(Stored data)
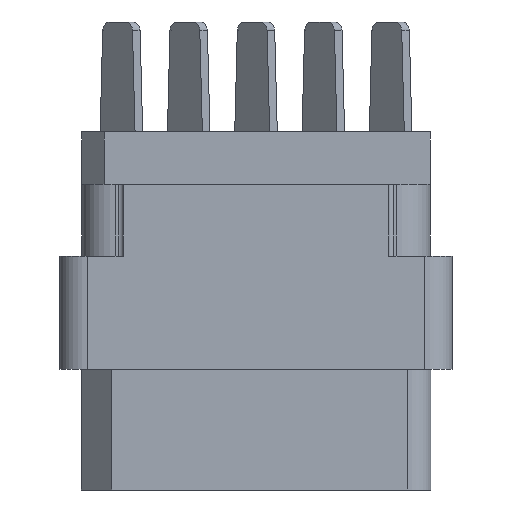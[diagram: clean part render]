
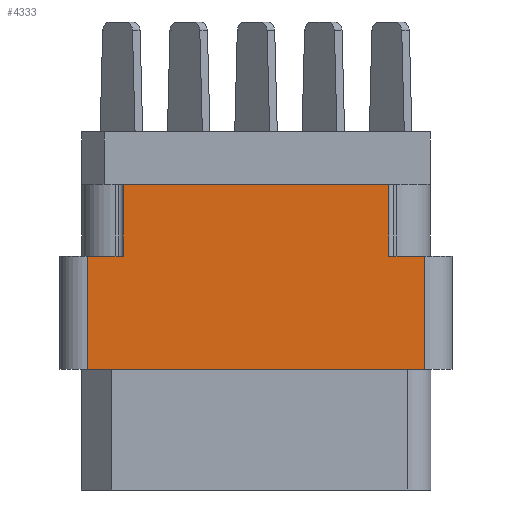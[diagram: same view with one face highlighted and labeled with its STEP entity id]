
A CAD part, left-side view. The second image highlights one B-rep face of the part: STEP entity #4333.
In plain terms, the highlighted planar face has unit normal (-1, 0, 0).
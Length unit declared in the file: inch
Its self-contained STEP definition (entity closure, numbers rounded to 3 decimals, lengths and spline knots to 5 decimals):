
#137 = LINE ( 'NONE', #10112, #625 ) ;
#305 = CARTESIAN_POINT ( 'NONE',  ( -1., -0.376, -0.798 ) ) ;
#625 = VECTOR ( 'NONE', #7669, 39.37008 ) ;
#1206 = ORIENTED_EDGE ( 'NONE', *, *, #12067, .F. ) ;
#1365 = VECTOR ( 'NONE', #12790, 39.37008 ) ;
#1383 = PLANE ( 'NONE',  #10197 ) ;
#1668 = DIRECTION ( 'NONE',  ( 0., 0., 1. ) ) ;
#1895 = VECTOR ( 'NONE', #18254, 39.37008 ) ;
#2012 = CARTESIAN_POINT ( 'NONE',  ( -1., 0.376, -0.277 ) ) ;
#2538 = EDGE_CURVE ( 'NONE', #6560, #5199, #31384, .T. ) ;
#2702 = ORIENTED_EDGE ( 'NONE', *, *, #11564, .F. ) ;
#2925 = DIRECTION ( 'NONE',  ( 0., 1., 0. ) ) ;
#3223 = VERTEX_POINT ( 'NONE', #14869 ) ;
#4333 = ADVANCED_FACE ( 'NONE', ( #5962 ), #1383, .T. ) ;
#5029 = EDGE_CURVE ( 'NONE', #26872, #3223, #22982, .T. ) ;
#5096 = EDGE_CURVE ( 'NONE', #5199, #7265, #137, .T. ) ;
#5107 = EDGE_CURVE ( 'NONE', #26872, #21924, #15315, .T. ) ;
#5199 = VERTEX_POINT ( 'NONE', #18886 ) ;
#5962 = FACE_OUTER_BOUND ( 'NONE', #24813, .T. ) ;
#6289 = DIRECTION ( 'NONE',  ( 0., 0., 1. ) ) ;
#6560 = VERTEX_POINT ( 'NONE', #21387 ) ;
#7265 = VERTEX_POINT ( 'NONE', #13950 ) ;
#7273 = CARTESIAN_POINT ( 'NONE',  ( -1., -0.296, -0.277 ) ) ;
#7547 = VECTOR ( 'NONE', #1668, 39.37008 ) ;
#7669 = DIRECTION ( 'NONE',  ( 0., -1., 0. ) ) ;
#7927 = VECTOR ( 'NONE', #2925, 39.37008 ) ;
#8647 = LINE ( 'NONE', #31164, #26197 ) ;
#9552 = CARTESIAN_POINT ( 'NONE',  ( -1., 0.376, -0.529 ) ) ;
#9767 = CARTESIAN_POINT ( 'NONE',  ( -1., -0.296, -0.277 ) ) ;
#10065 = EDGE_CURVE ( 'NONE', #12455, #7265, #32291, .T. ) ;
#10112 = CARTESIAN_POINT ( 'NONE',  ( -1., 0.438, -0.117 ) ) ;
#10197 = AXIS2_PLACEMENT_3D ( 'NONE', #18845, #30924, #6289 ) ;
#10558 = ORIENTED_EDGE ( 'NONE', *, *, #5107, .F. ) ;
#10804 = CARTESIAN_POINT ( 'NONE',  ( -1., 0.438, -0.277 ) ) ;
#11564 = EDGE_CURVE ( 'NONE', #26240, #6560, #15207, .T. ) ;
#12067 = EDGE_CURVE ( 'NONE', #21924, #26240, #8647, .T. ) ;
#12455 = VERTEX_POINT ( 'NONE', #18991 ) ;
#12790 = DIRECTION ( 'NONE',  ( 0., -1., 0. ) ) ;
#13228 = DIRECTION ( 'NONE',  ( 0., -1., 0. ) ) ;
#13950 = CARTESIAN_POINT ( 'NONE',  ( -1., -0.296, -0.117 ) ) ;
#14869 = CARTESIAN_POINT ( 'NONE',  ( -1., -0.376, -0.277 ) ) ;
#15136 = ORIENTED_EDGE ( 'NONE', *, *, #10065, .T. ) ;
#15207 = LINE ( 'NONE', #10804, #23113 ) ;
#15315 = LINE ( 'NONE', #25278, #7927 ) ;
#15459 = ORIENTED_EDGE ( 'NONE', *, *, #2538, .F. ) ;
#16326 = VECTOR ( 'NONE', #29671, 39.37008 ) ;
#17038 = ORIENTED_EDGE ( 'NONE', *, *, #5096, .F. ) ;
#17220 = ORIENTED_EDGE ( 'NONE', *, *, #5029, .T. ) ;
#18254 = DIRECTION ( 'NONE',  ( 0., 0., 1. ) ) ;
#18313 = ORIENTED_EDGE ( 'NONE', *, *, #20825, .F. ) ;
#18845 = CARTESIAN_POINT ( 'NONE',  ( -1., -0.376, -0.798 ) ) ;
#18886 = CARTESIAN_POINT ( 'NONE',  ( -1., 0.296, -0.117 ) ) ;
#18991 = CARTESIAN_POINT ( 'NONE',  ( -1., -0.296, -0.277 ) ) ;
#20348 = CARTESIAN_POINT ( 'NONE',  ( -1., -0.376, -0.529 ) ) ;
#20825 = EDGE_CURVE ( 'NONE', #12455, #3223, #22274, .T. ) ;
#21387 = CARTESIAN_POINT ( 'NONE',  ( -1., 0.296, -0.277 ) ) ;
#21924 = VERTEX_POINT ( 'NONE', #9552 ) ;
#22274 = LINE ( 'NONE', #7273, #1365 ) ;
#22982 = LINE ( 'NONE', #305, #1895 ) ;
#23113 = VECTOR ( 'NONE', #13228, 39.37008 ) ;
#24813 = EDGE_LOOP ( 'NONE', ( #1206, #10558, #17220, #18313, #15136, #17038, #15459, #2702 ) ) ;
#25278 = CARTESIAN_POINT ( 'NONE',  ( -1., -0.376, -0.529 ) ) ;
#26197 = VECTOR ( 'NONE', #28387, 39.37008 ) ;
#26240 = VERTEX_POINT ( 'NONE', #2012 ) ;
#26872 = VERTEX_POINT ( 'NONE', #20348 ) ;
#28387 = DIRECTION ( 'NONE',  ( 0., 0., 1. ) ) ;
#29671 = DIRECTION ( 'NONE',  ( 0., 0., 1. ) ) ;
#30924 = DIRECTION ( 'NONE',  ( -1., 0., 0. ) ) ;
#31164 = CARTESIAN_POINT ( 'NONE',  ( -1., 0.376, -0.798 ) ) ;
#31384 = LINE ( 'NONE', #31552, #7547 ) ;
#31552 = CARTESIAN_POINT ( 'NONE',  ( -1., 0.296, -0.277 ) ) ;
#32291 = LINE ( 'NONE', #9767, #16326 ) ;

- **What this task involves**
What is needed is a word-for-word restatement of every line from the one with "#24813 = EDGE_LOOP" to the end of the entries above.

- **Reply**
#24813 = EDGE_LOOP ( 'NONE', ( #1206, #10558, #17220, #18313, #15136, #17038, #15459, #2702 ) ) ;
#25278 = CARTESIAN_POINT ( 'NONE',  ( -1., -0.376, -0.529 ) ) ;
#26197 = VECTOR ( 'NONE', #28387, 39.37008 ) ;
#26240 = VERTEX_POINT ( 'NONE', #2012 ) ;
#26872 = VERTEX_POINT ( 'NONE', #20348 ) ;
#28387 = DIRECTION ( 'NONE',  ( 0., 0., 1. ) ) ;
#29671 = DIRECTION ( 'NONE',  ( 0., 0., 1. ) ) ;
#30924 = DIRECTION ( 'NONE',  ( -1., 0., 0. ) ) ;
#31164 = CARTESIAN_POINT ( 'NONE',  ( -1., 0.376, -0.798 ) ) ;
#31384 = LINE ( 'NONE', #31552, #7547 ) ;
#31552 = CARTESIAN_POINT ( 'NONE',  ( -1., 0.296, -0.277 ) ) ;
#32291 = LINE ( 'NONE', #9767, #16326 ) ;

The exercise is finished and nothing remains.